# ABOUT THIS TASK
All lines below between the line with "Gate info/8(P4) -> Virtual Reality/10" and the line with "Gain6 : Gain", including both, must be copied exactly, and the pictures must be omitted.
++++ SUPPLIED MATERIAL
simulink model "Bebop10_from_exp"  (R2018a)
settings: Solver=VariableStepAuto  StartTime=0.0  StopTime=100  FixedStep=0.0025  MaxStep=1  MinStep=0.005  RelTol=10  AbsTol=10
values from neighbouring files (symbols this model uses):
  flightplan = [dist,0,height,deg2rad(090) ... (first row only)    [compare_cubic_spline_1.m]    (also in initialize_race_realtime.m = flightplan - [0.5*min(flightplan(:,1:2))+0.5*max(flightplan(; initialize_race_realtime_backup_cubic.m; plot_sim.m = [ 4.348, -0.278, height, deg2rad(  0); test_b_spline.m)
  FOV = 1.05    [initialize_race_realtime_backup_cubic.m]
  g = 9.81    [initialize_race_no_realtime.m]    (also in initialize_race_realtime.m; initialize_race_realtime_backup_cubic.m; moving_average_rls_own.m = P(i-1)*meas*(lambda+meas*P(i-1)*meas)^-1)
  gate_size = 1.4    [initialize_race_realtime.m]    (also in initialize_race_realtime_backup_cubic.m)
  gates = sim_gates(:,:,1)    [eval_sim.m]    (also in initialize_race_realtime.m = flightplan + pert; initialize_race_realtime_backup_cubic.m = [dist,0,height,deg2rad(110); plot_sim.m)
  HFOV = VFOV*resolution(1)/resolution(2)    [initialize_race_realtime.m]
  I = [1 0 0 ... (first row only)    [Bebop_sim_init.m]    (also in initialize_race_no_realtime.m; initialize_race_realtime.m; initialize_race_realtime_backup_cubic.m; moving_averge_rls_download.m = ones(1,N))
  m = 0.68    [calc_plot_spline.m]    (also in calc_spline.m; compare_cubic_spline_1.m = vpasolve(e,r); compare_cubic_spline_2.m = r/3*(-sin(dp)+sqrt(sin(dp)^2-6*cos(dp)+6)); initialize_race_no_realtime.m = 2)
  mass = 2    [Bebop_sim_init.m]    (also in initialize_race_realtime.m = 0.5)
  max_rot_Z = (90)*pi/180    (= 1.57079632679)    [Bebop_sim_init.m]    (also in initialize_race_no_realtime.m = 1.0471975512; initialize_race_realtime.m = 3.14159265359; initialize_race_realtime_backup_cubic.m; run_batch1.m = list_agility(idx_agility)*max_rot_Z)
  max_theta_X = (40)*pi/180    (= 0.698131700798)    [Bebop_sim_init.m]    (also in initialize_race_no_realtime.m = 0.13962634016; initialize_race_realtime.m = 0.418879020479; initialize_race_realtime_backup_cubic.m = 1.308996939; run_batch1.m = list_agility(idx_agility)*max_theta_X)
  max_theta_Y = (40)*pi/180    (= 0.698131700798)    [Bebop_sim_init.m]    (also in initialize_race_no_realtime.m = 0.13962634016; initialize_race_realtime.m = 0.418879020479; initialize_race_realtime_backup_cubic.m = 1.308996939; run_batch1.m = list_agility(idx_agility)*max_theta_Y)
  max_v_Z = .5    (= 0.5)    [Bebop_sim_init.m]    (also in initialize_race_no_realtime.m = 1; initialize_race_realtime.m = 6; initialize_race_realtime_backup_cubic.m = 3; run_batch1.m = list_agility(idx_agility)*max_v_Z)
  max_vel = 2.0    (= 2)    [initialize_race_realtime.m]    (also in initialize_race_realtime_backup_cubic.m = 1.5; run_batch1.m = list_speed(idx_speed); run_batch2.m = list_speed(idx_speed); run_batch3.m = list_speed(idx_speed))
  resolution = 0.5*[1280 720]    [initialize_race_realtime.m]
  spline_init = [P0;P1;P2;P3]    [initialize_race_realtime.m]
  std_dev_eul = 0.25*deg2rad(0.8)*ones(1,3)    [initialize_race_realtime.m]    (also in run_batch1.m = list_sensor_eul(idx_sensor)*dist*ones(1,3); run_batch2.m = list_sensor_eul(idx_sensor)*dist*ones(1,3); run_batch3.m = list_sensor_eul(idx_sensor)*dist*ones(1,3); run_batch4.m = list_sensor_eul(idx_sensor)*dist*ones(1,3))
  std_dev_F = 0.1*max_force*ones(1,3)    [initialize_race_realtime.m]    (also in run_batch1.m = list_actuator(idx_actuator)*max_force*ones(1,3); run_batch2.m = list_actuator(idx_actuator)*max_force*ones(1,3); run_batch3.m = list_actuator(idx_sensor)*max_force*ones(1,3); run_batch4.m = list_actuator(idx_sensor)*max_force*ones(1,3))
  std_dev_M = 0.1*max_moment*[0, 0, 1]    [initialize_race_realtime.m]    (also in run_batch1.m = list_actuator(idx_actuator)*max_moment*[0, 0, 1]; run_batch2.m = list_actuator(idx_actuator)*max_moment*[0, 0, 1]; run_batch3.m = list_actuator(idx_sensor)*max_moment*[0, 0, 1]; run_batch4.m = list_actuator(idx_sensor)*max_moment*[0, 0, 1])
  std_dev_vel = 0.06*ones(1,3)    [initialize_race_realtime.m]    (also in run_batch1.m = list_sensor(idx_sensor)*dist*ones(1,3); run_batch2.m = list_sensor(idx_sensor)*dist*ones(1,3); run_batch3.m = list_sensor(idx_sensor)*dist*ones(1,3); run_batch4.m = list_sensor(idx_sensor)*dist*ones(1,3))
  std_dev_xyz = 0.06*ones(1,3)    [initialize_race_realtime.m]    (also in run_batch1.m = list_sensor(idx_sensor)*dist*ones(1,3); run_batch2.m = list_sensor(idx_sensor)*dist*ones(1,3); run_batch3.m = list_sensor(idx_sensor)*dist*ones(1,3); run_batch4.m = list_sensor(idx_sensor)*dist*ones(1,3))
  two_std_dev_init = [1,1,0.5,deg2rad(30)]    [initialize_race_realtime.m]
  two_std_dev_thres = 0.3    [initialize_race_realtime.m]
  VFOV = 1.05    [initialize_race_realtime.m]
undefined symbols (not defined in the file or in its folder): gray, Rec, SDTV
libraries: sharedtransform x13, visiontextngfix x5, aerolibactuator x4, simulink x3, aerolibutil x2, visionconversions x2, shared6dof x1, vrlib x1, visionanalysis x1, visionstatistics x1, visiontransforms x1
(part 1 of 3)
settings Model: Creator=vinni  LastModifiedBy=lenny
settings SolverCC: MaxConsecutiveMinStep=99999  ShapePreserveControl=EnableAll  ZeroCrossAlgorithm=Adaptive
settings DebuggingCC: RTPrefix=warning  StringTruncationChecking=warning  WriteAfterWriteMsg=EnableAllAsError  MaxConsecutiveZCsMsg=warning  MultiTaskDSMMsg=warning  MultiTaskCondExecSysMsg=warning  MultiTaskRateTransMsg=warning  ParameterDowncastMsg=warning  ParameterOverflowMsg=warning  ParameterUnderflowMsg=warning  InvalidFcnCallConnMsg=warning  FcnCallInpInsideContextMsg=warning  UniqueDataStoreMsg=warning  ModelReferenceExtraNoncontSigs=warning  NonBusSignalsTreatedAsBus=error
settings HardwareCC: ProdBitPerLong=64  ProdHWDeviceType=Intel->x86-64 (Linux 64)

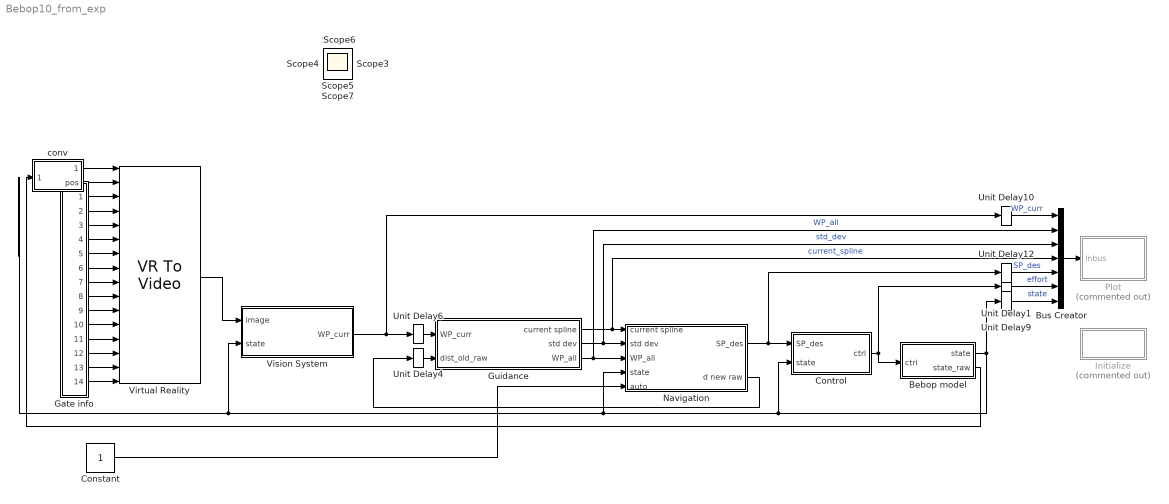
== system Bebop10_from_exp ==
  Bebop model : Subsystem
  Bus Creator : BusCreator  Inputs=7  OutDataTypeStr=Bus: PlotBus  NonVirtualBus=on
  Constant : Constant
  Control : Subsystem
  Gate info : Subsystem
  Guidance : Subsystem
  Initialize : Subsystem  Commented=on  TreatAsAtomicUnit=on
  Navigation : Subsystem
  Plot : MATLAB Function  Commented=on  TreatAsAtomicUnit=on
  Unit Delay{1,4,6,9..10,12} (6 alike) : UnitDelay  SampleTime=-1
  Virtual Reality : vrlib/VR To Video  InstantiateOnLoad=on  SampleTime=0.200  ViewEnable=on  RemoteChange=off  RemoteView=off  FieldsWritten=drone.orientation.4.1.1.double#drone.position.3.1.1.double#G1.rotation.4.1.1.double#G1.translation.3.1.1.double#G2.rotation.4.1.1.double#G2.translation.3.1.1.double#G3.rotation.4.1.1.double#G3.translation.3.1.1.double#G4.rotation.4.1.1.double#G4.translation.3.1.1.double#G5.rotation.4.1.1.double#G5.translation.3.1.1.double#G6.rotation.4.1.1.double#G6.translation.3.1.1.double#G7.rotation.4.1.1.double#G7.translation.3.1.1.double  WorldFileName=race_course.wrl  AutoView=off  VideoDimensions=0.5*[720 1280]  AllowVariableSize=off  FigureProperties="{'Position', 'Name', 'Viewpoint', 'CameraBound', 'CameraDirection', 'CameraPosition', 'CameraUpVector', 'ZoomFactor', 'Antialiasing', 'Headlight', 'Lighting', 'NavPanel', 'Sound', 'StatusBar', 'Stereo3D', 'Stereo3DCameraOffset', 'Stereo3DHIT', 'ToolBar', 'Textures', 'Transparency', 'Triad', 'Wireframe', 'NavZones', 'NavMode', 'NavSpeed', 'CaptureFileFormat', 'CaptureFileName', 'Record2DCompressMethod', 'Record2DCompressQuality', 'Record2D', 'Record2DFileName', 'Record2DFPS'; [3.0000000000000000e+01   6.0000000000000000e+01   6.4000000000000000e+02   3.6000000000000000e+02], '', '_untitled_1', 'on', [0.0000000000000000e+00   0.0000000000000000e+00  -1.0000000000000000e+00], [0.0000000000000000e+00   0.0000000000000000e+00   0.0000000000000000e+00], [0.0000000000000000e+00   1.0000000000000000e+00   0.0000000000000000e+00], [1.0000000000000000e+00], 'off', 'on', 'on', 'none', 'on', 'off', 'off', [1.0000000149011612e-01], [0.0000000000000000e+00], 'off', 'on', 'on', 'none', 'off', 'off', 'fly', 'normal', 'tif', '%f_anim_%n.tif', 'auto', [7.5000000000000000e+01], 'off', '***video***', 'auto'}"
      settings: SourceProductName=Simulink 3D Animation  SourceProductBaseCode=VR
  Vision System : Subsystem
  conv : Subsystem
  Scope{,1..7} (8 alike) : Scope
  wires:
  Vision System/1(WP_curr) -> Unit Delay10/1, Unit Delay6/1
  Control/1(ctrl) -> Bebop model/1(ctrl), Unit Delay1/1
  Unit Delay6/1 -> Guidance/1(WP_curr)
  Unit Delay4/1 -> Guidance/2(dist_old_raw)
  Navigation/1(SP_des) -> Unit Delay12/1, Control/1(SP_des)
  Navigation/2(d new raw) -> Unit Delay4/1
  Bus Creator/1 -> Plot/1(inbus)
  Guidance/3(WP_all) -> Navigation/3(WP_all), Bus Creator/2  "WP_all"
  Guidance/2(std dev) -> Navigation/2(std dev), Bus Creator/3  "std_dev"
  Unit Delay9/1 -> Bus Creator/7  "state"
  Unit Delay10/1 -> Bus Creator/1  "WP_curr"
  Unit Delay12/1 -> Bus Creator/5  "SP_des"
  Guidance/1(current spline) -> Navigation/1(current spline), Bus Creator/4  "current_spline"
  Unit Delay1/1 -> Bus Creator/6  "effort"
  Virtual Reality/1 -> Vision System/1(image)
  Constant/1 -> Navigation/5(auto)
  Bebop model/1(state) -> Control/2(state), Navigation/4(state), Vision System/2(state), Unit Delay9/1
  conv/1(axang) -> Virtual Reality/1
  conv/2(pos) -> Virtual Reality/2
  Gate info/1(O1) -> Virtual Reality/3
  Gate info/2(P1) -> Virtual Reality/4
  Gate info/3(O2) -> Virtual Reality/5
  Gate info/4(P2) -> Virtual Reality/6
  Gate info/5(O3) -> Virtual Reality/7
  Gate info/6(P3) -> Virtual Reality/8
  Gate info/7(O4) -> Virtual Reality/9
  Gate info/8(P4) -> Virtual Reality/10
  Gate info/9(O5) -> Virtual Reality/11
  Gate info/10(P5) -> Virtual Reality/12
  Gate info/11(O6) -> Virtual Reality/13
  Gate info/12(P6) -> Virtual Reality/14
  Gate info/13(O7) -> Virtual Reality/15
  Gate info/14(P7) -> Virtual Reality/16
  Bebop model/2(state_raw) -> conv/1(state)

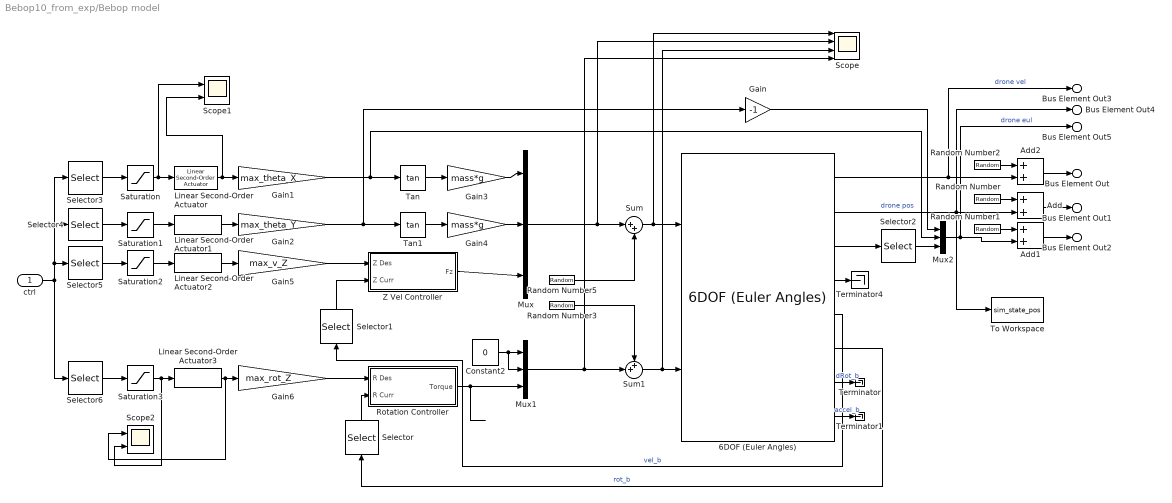
== system Bebop10_from_exp/Bebop model ==
  ctrl : Inport
  6DOF (Euler Angles) : shared6dof/6DOF (Euler Angles)  units=Metric (MKS)  mtype=Fixed  rep=Euler Angles  xme_0=Initial_pos  Vm_0=Initial_vel_b  eul_0=Initial_ori  pm_0=[0 0 0]  mass_0=mass  mass_e=0.5  mass_f=2.0  inertia=I  inertia_e=eye(3)  inertia_f=2*eye(3)  k_quat=1.0  vre_flag=on  abi_flag=off  aMode=0
      settings: SourceProductBaseCode=AE
  Add : Sum
  Add1 : Sum
  Add2 : Sum
  Constant2 : Constant  Value=0
  Gain : Gain  Gain=-1
  Gain1 : Gain  Gain=max_theta_X
  Gain2 : Gain  Gain=max_theta_Y
  Gain3 : Gain  Gain=mass*g
  Gain4 : Gain  Gain=mass*g
  Gain5 : Gain  Gain=max_v_Z
  Gain6 : Gain  Gain=max_rot_Z
  Linear Second-Order Actuator : aerolibactuator/Linear Second-Order Actuator  wn_fin=20  z_fin=3  fin_act_0=0  fin_act_vel=0
      settings: SourceProductName=Aerospace Blockset  SourceProductBaseCode=AE
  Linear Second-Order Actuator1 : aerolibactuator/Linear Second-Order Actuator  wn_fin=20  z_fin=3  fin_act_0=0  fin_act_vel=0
++++++++
# REPLY
  Gate info/8(P4) -> Virtual Reality/10
  Gate info/9(O5) -> Virtual Reality/11
  Gate info/10(P5) -> Virtual Reality/12
  Gate info/11(O6) -> Virtual Reality/13
  Gate info/12(P6) -> Virtual Reality/14
  Gate info/13(O7) -> Virtual Reality/15
  Gate info/14(P7) -> Virtual Reality/16
  Bebop model/2(state_raw) -> conv/1(state)

== system Bebop10_from_exp/Bebop model ==
  ctrl : Inport
  6DOF (Euler Angles) : shared6dof/6DOF (Euler Angles)  units=Metric (MKS)  mtype=Fixed  rep=Euler Angles  xme_0=Initial_pos  Vm_0=Initial_vel_b  eul_0=Initial_ori  pm_0=[0 0 0]  mass_0=mass  mass_e=0.5  mass_f=2.0  inertia=I  inertia_e=eye(3)  inertia_f=2*eye(3)  k_quat=1.0  vre_flag=on  abi_flag=off  aMode=0
      settings: SourceProductBaseCode=AE
  Add : Sum
  Add1 : Sum
  Add2 : Sum
  Constant2 : Constant  Value=0
  Gain : Gain  Gain=-1
  Gain1 : Gain  Gain=max_theta_X
  Gain2 : Gain  Gain=max_theta_Y
  Gain3 : Gain  Gain=mass*g
  Gain4 : Gain  Gain=mass*g
  Gain5 : Gain  Gain=max_v_Z
  Gain6 : Gain  Gain=max_rot_Z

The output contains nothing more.